◆ Your goal:
In the records that follow, find the line with "Line((7.565287128, 17.865672216), (9.202356049, 17.865672216))"; from there, retype every line exactly through the line with "Line((14.351649475, 14.00551442), (14.351649475, -6.102715652))", which also belongs to the answer.

◆ Task data:

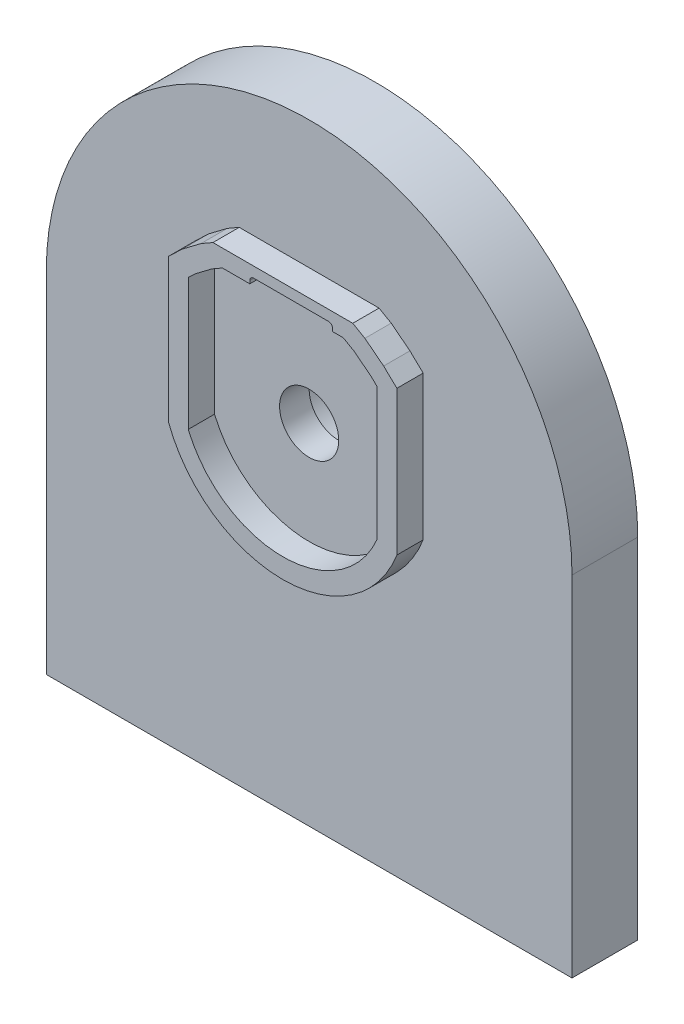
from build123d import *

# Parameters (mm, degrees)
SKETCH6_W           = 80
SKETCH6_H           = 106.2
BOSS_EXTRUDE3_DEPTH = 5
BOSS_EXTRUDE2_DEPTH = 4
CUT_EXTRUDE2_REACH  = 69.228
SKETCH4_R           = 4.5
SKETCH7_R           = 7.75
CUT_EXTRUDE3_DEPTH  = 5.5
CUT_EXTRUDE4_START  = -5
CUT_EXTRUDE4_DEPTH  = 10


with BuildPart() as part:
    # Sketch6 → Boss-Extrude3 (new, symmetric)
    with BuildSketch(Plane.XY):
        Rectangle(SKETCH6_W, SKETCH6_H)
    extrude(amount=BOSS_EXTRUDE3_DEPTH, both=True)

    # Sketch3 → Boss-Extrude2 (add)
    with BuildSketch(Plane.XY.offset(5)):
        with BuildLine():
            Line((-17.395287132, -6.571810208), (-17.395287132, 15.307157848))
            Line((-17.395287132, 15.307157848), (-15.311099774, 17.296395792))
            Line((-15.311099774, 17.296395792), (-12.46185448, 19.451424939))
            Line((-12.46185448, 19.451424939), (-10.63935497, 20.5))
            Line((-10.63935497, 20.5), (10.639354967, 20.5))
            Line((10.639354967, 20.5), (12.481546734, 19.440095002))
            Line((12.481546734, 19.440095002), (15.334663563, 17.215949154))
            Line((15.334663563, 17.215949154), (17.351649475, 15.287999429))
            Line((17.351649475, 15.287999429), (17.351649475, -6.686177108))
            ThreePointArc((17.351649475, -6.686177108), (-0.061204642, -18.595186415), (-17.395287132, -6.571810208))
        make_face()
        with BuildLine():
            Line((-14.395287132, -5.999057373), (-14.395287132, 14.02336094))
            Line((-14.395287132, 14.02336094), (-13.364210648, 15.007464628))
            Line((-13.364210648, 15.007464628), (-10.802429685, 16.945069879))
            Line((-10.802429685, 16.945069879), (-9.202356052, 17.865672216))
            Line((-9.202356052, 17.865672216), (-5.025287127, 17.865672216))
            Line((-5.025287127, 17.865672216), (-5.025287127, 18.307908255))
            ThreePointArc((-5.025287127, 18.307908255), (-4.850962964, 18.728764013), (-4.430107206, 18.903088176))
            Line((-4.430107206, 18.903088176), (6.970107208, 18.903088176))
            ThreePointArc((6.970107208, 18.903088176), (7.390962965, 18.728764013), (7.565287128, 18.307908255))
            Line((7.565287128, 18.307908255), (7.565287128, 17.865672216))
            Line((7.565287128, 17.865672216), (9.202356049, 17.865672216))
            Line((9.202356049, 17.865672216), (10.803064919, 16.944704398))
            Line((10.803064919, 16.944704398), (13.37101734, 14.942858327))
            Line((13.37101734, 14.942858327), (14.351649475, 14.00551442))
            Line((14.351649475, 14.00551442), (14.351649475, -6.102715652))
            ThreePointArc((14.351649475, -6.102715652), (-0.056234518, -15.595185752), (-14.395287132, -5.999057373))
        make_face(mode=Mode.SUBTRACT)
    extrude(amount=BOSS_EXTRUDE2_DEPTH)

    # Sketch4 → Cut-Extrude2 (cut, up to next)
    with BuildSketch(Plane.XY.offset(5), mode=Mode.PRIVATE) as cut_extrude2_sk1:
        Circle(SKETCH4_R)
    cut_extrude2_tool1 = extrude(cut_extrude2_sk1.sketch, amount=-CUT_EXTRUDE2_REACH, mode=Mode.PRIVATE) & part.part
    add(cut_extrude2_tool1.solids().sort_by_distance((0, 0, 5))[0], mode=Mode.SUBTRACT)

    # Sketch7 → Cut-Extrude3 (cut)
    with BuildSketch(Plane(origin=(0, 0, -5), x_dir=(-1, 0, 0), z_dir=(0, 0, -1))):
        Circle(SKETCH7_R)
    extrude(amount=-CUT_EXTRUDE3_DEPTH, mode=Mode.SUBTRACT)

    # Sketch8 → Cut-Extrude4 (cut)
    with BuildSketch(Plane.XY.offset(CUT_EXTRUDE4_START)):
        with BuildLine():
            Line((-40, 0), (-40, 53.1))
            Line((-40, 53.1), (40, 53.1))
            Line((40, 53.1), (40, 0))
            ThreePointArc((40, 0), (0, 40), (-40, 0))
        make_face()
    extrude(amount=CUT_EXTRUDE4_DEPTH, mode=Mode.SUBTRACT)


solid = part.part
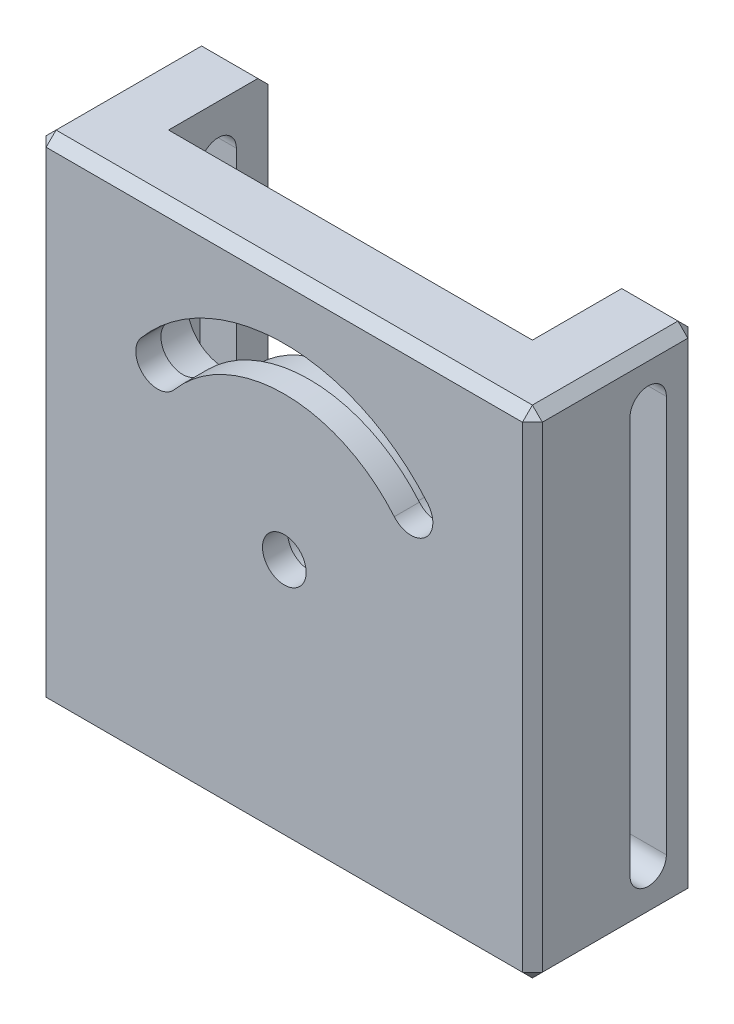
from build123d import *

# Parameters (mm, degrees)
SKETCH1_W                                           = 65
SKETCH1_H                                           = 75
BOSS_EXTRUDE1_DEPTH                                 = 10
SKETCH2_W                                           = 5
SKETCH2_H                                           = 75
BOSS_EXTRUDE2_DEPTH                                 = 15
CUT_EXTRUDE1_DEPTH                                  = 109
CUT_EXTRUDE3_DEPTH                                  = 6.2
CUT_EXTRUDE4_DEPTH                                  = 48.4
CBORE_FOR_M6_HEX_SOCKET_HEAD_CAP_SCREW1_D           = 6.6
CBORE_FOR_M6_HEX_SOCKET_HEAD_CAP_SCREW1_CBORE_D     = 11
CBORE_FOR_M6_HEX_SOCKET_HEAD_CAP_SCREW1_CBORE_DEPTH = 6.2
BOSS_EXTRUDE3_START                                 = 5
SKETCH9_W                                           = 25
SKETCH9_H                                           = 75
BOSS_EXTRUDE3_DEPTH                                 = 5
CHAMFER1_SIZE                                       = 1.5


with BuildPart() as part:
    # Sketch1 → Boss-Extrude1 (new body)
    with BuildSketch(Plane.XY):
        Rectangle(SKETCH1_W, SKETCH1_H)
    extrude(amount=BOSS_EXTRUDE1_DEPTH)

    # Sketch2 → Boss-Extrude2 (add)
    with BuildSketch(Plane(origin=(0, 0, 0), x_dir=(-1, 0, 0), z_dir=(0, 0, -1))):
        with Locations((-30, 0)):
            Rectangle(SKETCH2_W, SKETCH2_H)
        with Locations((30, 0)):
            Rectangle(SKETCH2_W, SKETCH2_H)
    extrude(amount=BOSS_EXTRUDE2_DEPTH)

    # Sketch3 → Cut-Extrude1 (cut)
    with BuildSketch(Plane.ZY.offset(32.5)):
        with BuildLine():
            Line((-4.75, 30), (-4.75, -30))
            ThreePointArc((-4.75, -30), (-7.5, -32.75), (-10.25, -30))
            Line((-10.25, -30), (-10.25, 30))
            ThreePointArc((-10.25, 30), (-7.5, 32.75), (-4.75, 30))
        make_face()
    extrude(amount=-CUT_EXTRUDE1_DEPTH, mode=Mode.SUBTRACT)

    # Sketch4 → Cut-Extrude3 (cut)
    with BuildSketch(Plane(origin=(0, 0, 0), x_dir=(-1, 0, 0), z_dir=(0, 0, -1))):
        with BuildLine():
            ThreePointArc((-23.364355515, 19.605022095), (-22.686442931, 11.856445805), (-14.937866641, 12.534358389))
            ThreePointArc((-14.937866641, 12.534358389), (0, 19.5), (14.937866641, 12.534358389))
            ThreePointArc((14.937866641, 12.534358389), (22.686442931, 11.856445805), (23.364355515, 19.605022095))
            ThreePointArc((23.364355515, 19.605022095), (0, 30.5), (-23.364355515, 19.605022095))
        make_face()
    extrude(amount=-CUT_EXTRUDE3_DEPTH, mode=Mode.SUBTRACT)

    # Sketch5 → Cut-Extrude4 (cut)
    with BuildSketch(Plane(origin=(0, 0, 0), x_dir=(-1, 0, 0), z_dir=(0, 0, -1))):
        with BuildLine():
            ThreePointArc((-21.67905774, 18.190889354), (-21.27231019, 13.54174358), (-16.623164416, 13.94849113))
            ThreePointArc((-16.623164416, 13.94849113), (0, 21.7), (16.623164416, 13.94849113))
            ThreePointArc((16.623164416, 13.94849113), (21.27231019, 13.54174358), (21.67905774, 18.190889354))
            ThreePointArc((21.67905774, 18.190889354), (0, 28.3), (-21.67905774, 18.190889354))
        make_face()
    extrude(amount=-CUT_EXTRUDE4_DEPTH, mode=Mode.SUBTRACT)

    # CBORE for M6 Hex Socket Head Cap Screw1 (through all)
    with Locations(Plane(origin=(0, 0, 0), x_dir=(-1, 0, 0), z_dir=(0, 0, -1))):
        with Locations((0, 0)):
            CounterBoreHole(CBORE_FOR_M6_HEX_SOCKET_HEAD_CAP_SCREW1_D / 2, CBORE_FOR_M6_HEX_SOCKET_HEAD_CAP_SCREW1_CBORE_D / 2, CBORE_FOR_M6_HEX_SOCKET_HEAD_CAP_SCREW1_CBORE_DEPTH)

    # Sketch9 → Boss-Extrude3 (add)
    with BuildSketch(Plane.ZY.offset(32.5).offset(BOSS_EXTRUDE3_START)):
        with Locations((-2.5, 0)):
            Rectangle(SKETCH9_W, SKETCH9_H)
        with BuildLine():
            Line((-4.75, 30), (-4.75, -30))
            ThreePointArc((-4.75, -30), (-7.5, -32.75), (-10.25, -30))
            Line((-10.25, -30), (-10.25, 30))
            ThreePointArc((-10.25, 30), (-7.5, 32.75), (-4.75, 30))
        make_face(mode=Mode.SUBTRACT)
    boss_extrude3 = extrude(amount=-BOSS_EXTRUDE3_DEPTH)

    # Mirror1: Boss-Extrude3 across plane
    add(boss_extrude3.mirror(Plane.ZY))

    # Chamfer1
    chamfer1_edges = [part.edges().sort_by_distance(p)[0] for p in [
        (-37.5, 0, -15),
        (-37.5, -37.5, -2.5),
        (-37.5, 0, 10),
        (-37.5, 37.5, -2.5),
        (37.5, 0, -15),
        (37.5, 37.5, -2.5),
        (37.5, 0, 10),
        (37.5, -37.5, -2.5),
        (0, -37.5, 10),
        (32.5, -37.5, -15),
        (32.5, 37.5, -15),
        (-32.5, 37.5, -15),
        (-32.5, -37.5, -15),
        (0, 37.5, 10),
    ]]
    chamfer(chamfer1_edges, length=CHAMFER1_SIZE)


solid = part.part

◆ Solution for this exercise:
            Line((7.565287128, 17.865672216), (9.202356049, 17.865672216))
            Line((9.202356049, 17.865672216), (10.803064919, 16.944704398))
            Line((10.803064919, 16.944704398), (13.37101734, 14.942858327))
            Line((13.37101734, 14.942858327), (14.351649475, 14.00551442))
            Line((14.351649475, 14.00551442), (14.351649475, -6.102715652))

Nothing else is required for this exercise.